(Records excerpted from a collection)
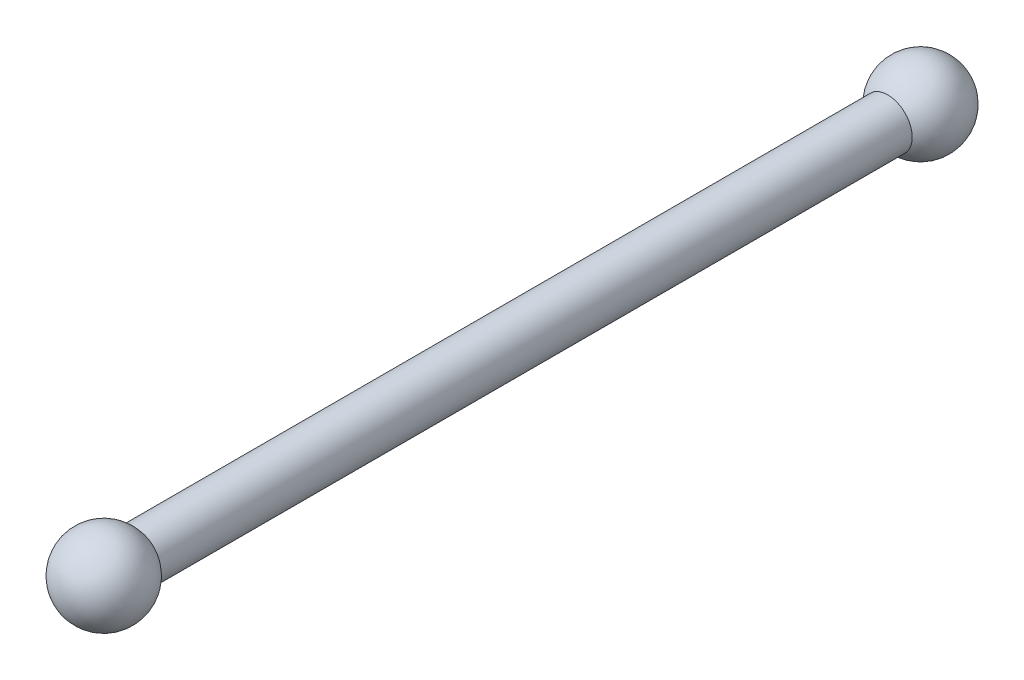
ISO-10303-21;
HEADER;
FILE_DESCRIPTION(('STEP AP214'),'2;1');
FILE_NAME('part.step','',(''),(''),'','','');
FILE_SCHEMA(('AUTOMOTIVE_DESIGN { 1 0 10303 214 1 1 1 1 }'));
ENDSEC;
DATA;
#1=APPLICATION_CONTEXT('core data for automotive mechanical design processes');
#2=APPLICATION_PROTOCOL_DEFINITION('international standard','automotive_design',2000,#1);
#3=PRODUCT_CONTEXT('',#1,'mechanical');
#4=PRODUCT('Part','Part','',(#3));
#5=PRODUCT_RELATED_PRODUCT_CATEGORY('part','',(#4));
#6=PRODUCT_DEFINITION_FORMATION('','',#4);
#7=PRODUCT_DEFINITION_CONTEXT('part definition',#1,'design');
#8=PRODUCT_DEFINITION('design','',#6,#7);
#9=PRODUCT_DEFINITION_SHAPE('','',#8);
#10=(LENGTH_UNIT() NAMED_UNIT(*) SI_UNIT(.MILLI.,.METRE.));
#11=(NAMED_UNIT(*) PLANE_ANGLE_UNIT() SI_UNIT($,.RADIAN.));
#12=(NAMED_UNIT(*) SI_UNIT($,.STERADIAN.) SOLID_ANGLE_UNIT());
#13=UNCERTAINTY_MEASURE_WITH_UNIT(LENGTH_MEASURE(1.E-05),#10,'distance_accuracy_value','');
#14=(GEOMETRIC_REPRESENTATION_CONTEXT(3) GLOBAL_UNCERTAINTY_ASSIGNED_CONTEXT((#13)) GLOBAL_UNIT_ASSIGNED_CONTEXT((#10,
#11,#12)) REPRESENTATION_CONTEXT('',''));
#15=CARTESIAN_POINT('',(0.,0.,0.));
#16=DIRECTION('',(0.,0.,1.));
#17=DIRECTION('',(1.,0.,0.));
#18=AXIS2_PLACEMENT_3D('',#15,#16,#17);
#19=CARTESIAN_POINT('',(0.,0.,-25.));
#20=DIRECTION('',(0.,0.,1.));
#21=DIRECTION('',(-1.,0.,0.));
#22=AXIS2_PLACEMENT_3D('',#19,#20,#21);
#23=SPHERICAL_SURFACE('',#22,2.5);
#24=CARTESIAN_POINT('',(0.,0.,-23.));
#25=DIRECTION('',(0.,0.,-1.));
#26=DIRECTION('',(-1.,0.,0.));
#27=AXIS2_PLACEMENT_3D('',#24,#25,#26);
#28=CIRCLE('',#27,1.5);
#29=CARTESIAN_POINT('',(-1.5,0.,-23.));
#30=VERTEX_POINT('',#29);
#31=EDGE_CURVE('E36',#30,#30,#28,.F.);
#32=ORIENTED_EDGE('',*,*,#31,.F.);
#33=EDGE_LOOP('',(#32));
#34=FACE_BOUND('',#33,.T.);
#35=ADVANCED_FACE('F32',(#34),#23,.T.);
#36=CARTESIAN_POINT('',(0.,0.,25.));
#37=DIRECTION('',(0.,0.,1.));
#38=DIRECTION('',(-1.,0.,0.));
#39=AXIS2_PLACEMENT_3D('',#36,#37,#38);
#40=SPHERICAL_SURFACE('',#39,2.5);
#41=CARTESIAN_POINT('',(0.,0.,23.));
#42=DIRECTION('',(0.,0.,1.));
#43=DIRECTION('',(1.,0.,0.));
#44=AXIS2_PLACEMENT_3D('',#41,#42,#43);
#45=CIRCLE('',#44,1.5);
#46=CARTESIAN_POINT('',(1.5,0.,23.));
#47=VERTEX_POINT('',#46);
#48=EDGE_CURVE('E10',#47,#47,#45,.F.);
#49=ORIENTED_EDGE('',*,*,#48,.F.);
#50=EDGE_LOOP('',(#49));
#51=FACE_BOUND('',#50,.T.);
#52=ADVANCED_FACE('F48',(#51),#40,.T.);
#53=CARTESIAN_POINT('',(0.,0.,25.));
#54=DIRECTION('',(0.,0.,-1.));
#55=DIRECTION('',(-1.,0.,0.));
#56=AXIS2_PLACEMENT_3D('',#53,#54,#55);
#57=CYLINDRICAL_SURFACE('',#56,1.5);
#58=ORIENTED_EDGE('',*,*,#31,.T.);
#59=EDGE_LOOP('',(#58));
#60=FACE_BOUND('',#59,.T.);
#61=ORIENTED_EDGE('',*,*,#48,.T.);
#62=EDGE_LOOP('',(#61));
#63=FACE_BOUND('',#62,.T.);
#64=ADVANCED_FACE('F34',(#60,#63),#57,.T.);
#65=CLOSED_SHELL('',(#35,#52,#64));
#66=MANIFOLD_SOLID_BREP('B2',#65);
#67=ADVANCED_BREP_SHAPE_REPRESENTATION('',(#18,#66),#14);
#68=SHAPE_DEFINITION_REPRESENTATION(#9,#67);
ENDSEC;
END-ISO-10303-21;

» **WORK ITEM**
In the entries above, find the line holding "#10=(LENGTH_UNIT() NAMED_UNIT(*) SI_UNIT(.MILLI.,.METRE.));" and the line holding "#46=CARTESIAN_POINT('',(1.5,0.,23.));"; print both of them and every line between, exactly, and nothing else.

» **RESULT FOR THIS TASK**
#10=(LENGTH_UNIT() NAMED_UNIT(*) SI_UNIT(.MILLI.,.METRE.));
#11=(NAMED_UNIT(*) PLANE_ANGLE_UNIT() SI_UNIT($,.RADIAN.));
#12=(NAMED_UNIT(*) SI_UNIT($,.STERADIAN.) SOLID_ANGLE_UNIT());
#13=UNCERTAINTY_MEASURE_WITH_UNIT(LENGTH_MEASURE(1.E-05),#10,'distance_accuracy_value','');
#14=(GEOMETRIC_REPRESENTATION_CONTEXT(3) GLOBAL_UNCERTAINTY_ASSIGNED_CONTEXT((#13)) GLOBAL_UNIT_ASSIGNED_CONTEXT((#10,
#11,#12)) REPRESENTATION_CONTEXT('',''));
#15=CARTESIAN_POINT('',(0.,0.,0.));
#16=DIRECTION('',(0.,0.,1.));
#17=DIRECTION('',(1.,0.,0.));
#18=AXIS2_PLACEMENT_3D('',#15,#16,#17);
#19=CARTESIAN_POINT('',(0.,0.,-25.));
#20=DIRECTION('',(0.,0.,1.));
#21=DIRECTION('',(-1.,0.,0.));
#22=AXIS2_PLACEMENT_3D('',#19,#20,#21);
#23=SPHERICAL_SURFACE('',#22,2.5);
#24=CARTESIAN_POINT('',(0.,0.,-23.));
#25=DIRECTION('',(0.,0.,-1.));
#26=DIRECTION('',(-1.,0.,0.));
#27=AXIS2_PLACEMENT_3D('',#24,#25,#26);
#28=CIRCLE('',#27,1.5);
#29=CARTESIAN_POINT('',(-1.5,0.,-23.));
#30=VERTEX_POINT('',#29);
#31=EDGE_CURVE('E36',#30,#30,#28,.F.);
#32=ORIENTED_EDGE('',*,*,#31,.F.);
#33=EDGE_LOOP('',(#32));
#34=FACE_BOUND('',#33,.T.);
#35=ADVANCED_FACE('F32',(#34),#23,.T.);
#36=CARTESIAN_POINT('',(0.,0.,25.));
#37=DIRECTION('',(0.,0.,1.));
#38=DIRECTION('',(-1.,0.,0.));
#39=AXIS2_PLACEMENT_3D('',#36,#37,#38);
#40=SPHERICAL_SURFACE('',#39,2.5);
#41=CARTESIAN_POINT('',(0.,0.,23.));
#42=DIRECTION('',(0.,0.,1.));
#43=DIRECTION('',(1.,0.,0.));
#44=AXIS2_PLACEMENT_3D('',#41,#42,#43);
#45=CIRCLE('',#44,1.5);
#46=CARTESIAN_POINT('',(1.5,0.,23.));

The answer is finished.